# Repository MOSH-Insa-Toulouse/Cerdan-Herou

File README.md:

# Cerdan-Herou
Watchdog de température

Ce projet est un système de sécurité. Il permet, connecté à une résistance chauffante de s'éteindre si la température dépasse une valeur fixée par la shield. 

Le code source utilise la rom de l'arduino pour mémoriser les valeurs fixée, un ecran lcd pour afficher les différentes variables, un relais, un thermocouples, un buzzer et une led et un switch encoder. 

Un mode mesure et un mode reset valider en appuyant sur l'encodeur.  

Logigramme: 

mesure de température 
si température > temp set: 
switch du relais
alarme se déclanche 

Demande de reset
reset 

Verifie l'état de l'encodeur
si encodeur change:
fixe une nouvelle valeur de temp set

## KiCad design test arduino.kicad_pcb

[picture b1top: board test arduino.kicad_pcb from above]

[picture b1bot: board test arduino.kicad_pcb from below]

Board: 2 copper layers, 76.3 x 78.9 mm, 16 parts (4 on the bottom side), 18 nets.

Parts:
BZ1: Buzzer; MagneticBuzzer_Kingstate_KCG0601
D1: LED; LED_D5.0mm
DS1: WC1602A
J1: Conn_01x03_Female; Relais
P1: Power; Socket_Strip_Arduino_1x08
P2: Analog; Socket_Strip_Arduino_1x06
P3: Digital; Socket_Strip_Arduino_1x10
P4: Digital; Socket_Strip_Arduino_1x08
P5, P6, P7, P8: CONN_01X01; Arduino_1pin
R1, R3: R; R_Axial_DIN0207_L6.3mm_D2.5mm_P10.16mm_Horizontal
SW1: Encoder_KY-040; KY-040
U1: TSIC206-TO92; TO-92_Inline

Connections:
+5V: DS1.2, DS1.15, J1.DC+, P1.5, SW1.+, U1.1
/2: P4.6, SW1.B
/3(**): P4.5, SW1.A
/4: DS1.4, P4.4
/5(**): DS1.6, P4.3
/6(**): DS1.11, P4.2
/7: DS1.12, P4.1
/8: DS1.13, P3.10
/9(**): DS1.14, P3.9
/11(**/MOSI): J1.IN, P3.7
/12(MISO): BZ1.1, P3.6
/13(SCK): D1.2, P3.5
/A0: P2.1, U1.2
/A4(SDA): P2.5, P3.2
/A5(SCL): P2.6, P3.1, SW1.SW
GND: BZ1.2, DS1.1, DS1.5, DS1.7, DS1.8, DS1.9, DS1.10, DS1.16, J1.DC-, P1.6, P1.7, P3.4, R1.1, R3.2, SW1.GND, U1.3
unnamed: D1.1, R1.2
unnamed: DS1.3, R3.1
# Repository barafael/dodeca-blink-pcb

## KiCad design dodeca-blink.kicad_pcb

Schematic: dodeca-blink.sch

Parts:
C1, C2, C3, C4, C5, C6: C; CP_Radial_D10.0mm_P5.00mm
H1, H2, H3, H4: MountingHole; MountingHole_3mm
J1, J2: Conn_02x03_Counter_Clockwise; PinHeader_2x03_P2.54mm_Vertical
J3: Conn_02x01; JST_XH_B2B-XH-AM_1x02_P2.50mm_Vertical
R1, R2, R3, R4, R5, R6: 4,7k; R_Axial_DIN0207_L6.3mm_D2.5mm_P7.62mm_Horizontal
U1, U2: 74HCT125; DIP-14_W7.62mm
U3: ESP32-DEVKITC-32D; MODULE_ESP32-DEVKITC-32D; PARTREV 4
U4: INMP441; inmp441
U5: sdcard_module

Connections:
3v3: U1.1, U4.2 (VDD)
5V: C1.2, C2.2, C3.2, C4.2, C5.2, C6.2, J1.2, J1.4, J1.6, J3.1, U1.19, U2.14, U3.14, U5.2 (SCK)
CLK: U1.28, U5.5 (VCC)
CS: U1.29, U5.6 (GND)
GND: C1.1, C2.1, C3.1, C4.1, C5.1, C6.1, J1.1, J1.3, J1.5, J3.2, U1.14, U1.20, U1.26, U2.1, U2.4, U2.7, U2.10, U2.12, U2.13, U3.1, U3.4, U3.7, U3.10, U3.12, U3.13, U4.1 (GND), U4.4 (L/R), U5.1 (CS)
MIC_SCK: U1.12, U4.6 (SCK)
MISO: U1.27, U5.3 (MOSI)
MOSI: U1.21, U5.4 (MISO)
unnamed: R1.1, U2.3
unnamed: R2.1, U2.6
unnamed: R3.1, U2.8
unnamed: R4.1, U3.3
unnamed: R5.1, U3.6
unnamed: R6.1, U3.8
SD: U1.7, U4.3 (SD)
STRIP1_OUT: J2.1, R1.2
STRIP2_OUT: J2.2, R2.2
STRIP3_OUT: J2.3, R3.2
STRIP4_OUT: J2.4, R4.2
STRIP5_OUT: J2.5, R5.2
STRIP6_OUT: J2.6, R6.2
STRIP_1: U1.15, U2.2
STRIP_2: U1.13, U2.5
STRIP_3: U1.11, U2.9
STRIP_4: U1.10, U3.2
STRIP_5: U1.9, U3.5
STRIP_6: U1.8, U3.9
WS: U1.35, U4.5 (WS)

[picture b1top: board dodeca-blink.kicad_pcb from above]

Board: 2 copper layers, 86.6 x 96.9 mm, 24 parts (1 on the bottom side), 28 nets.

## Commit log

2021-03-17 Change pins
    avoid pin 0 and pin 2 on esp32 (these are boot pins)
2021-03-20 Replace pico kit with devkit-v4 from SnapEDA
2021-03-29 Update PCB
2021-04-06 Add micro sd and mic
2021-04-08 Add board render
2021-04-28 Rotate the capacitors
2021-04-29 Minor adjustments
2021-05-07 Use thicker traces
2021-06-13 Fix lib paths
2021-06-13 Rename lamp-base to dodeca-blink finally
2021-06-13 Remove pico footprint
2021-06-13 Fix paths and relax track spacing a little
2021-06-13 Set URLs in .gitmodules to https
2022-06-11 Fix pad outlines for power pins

**What is needed:**
Print out the whole listing exactly as it appears.

**Response area:**
# Repository MOSH-Insa-Toulouse/Cerdan-Herou

File README.md:

# Cerdan-Herou
Watchdog de température

Ce projet est un système de sécurité. Il permet, connecté à une résistance chauffante de s'éteindre si la température dépasse une valeur fixée par la shield. 

Le code source utilise la rom de l'arduino pour mémoriser les valeurs fixée, un ecran lcd pour afficher les différentes variables, un relais, un thermocouples, un buzzer et une led et un switch encoder. 

Un mode mesure et un mode reset valider en appuyant sur l'encodeur.  

Logigramme: 

mesure de température 
si température > temp set: 
switch du relais
alarme se déclanche 

Demande de reset
reset 

Verifie l'état de l'encodeur
si encodeur change:
fixe une nouvelle valeur de temp set

## KiCad design test arduino.kicad_pcb

[picture b1top: board test arduino.kicad_pcb from above]

[picture b1bot: board test arduino.kicad_pcb from below]

Board: 2 copper layers, 76.3 x 78.9 mm, 16 parts (4 on the bottom side), 18 nets.

Parts:
BZ1: Buzzer; MagneticBuzzer_Kingstate_KCG0601
D1: LED; LED_D5.0mm
DS1: WC1602A
J1: Conn_01x03_Female; Relais
P1: Power; Socket_Strip_Arduino_1x08
P2: Analog; Socket_Strip_Arduino_1x06
P3: Digital; Socket_Strip_Arduino_1x10
P4: Digital; Socket_Strip_Arduino_1x08
P5, P6, P7, P8: CONN_01X01; Arduino_1pin
R1, R3: R; R_Axial_DIN0207_L6.3mm_D2.5mm_P10.16mm_Horizontal
SW1: Encoder_KY-040; KY-040
U1: TSIC206-TO92; TO-92_Inline

Connections:
+5V: DS1.2, DS1.15, J1.DC+, P1.5, SW1.+, U1.1
/2: P4.6, SW1.B
/3(**): P4.5, SW1.A
/4: DS1.4, P4.4
/5(**): DS1.6, P4.3
/6(**): DS1.11, P4.2
/7: DS1.12, P4.1
/8: DS1.13, P3.10
/9(**): DS1.14, P3.9
/11(**/MOSI): J1.IN, P3.7
/12(MISO): BZ1.1, P3.6
/13(SCK): D1.2, P3.5
/A0: P2.1, U1.2
/A4(SDA): P2.5, P3.2
/A5(SCL): P2.6, P3.1, SW1.SW
GND: BZ1.2, DS1.1, DS1.5, DS1.7, DS1.8, DS1.9, DS1.10, DS1.16, J1.DC-, P1.6, P1.7, P3.4, R1.1, R3.2, SW1.GND, U1.3
unnamed: D1.1, R1.2
unnamed: DS1.3, R3.1
# Repository barafael/dodeca-blink-pcb

## KiCad design dodeca-blink.kicad_pcb

Schematic: dodeca-blink.sch

Parts:
C1, C2, C3, C4, C5, C6: C; CP_Radial_D10.0mm_P5.00mm
H1, H2, H3, H4: MountingHole; MountingHole_3mm
J1, J2: Conn_02x03_Counter_Clockwise; PinHeader_2x03_P2.54mm_Vertical
J3: Conn_02x01; JST_XH_B2B-XH-AM_1x02_P2.50mm_Vertical
R1, R2, R3, R4, R5, R6: 4,7k; R_Axial_DIN0207_L6.3mm_D2.5mm_P7.62mm_Horizontal
U1, U2: 74HCT125; DIP-14_W7.62mm
U3: ESP32-DEVKITC-32D; MODULE_ESP32-DEVKITC-32D; PARTREV 4
U4: INMP441; inmp441
U5: sdcard_module

Connections:
3v3: U1.1, U4.2 (VDD)
5V: C1.2, C2.2, C3.2, C4.2, C5.2, C6.2, J1.2, J1.4, J1.6, J3.1, U1.19, U2.14, U3.14, U5.2 (SCK)
CLK: U1.28, U5.5 (VCC)
CS: U1.29, U5.6 (GND)
GND: C1.1, C2.1, C3.1, C4.1, C5.1, C6.1, J1.1, J1.3, J1.5, J3.2, U1.14, U1.20, U1.26, U2.1, U2.4, U2.7, U2.10, U2.12, U2.13, U3.1, U3.4, U3.7, U3.10, U3.12, U3.13, U4.1 (GND), U4.4 (L/R), U5.1 (CS)
MIC_SCK: U1.12, U4.6 (SCK)
MISO: U1.27, U5.3 (MOSI)
MOSI: U1.21, U5.4 (MISO)
unnamed: R1.1, U2.3
unnamed: R2.1, U2.6
unnamed: R3.1, U2.8
unnamed: R4.1, U3.3
unnamed: R5.1, U3.6
unnamed: R6.1, U3.8
SD: U1.7, U4.3 (SD)
STRIP1_OUT: J2.1, R1.2
STRIP2_OUT: J2.2, R2.2
STRIP3_OUT: J2.3, R3.2
STRIP4_OUT: J2.4, R4.2
STRIP5_OUT: J2.5, R5.2
STRIP6_OUT: J2.6, R6.2
STRIP_1: U1.15, U2.2
STRIP_2: U1.13, U2.5
STRIP_3: U1.11, U2.9
STRIP_4: U1.10, U3.2
STRIP_5: U1.9, U3.5
STRIP_6: U1.8, U3.9
WS: U1.35, U4.5 (WS)

[picture b1top: board dodeca-blink.kicad_pcb from above]

Board: 2 copper layers, 86.6 x 96.9 mm, 24 parts (1 on the bottom side), 28 nets.

## Commit log

2021-03-17 Change pins
    avoid pin 0 and pin 2 on esp32 (these are boot pins)
2021-03-20 Replace pico kit with devkit-v4 from SnapEDA
2021-03-29 Update PCB
2021-04-06 Add micro sd and mic
2021-04-08 Add board render
2021-04-28 Rotate the capacitors
2021-04-29 Minor adjustments
2021-05-07 Use thicker traces
2021-06-13 Fix lib paths
2021-06-13 Rename lamp-base to dodeca-blink finally
2021-06-13 Remove pico footprint
2021-06-13 Fix paths and relax track spacing a little
2021-06-13 Set URLs in .gitmodules to https
2022-06-11 Fix pad outlines for power pins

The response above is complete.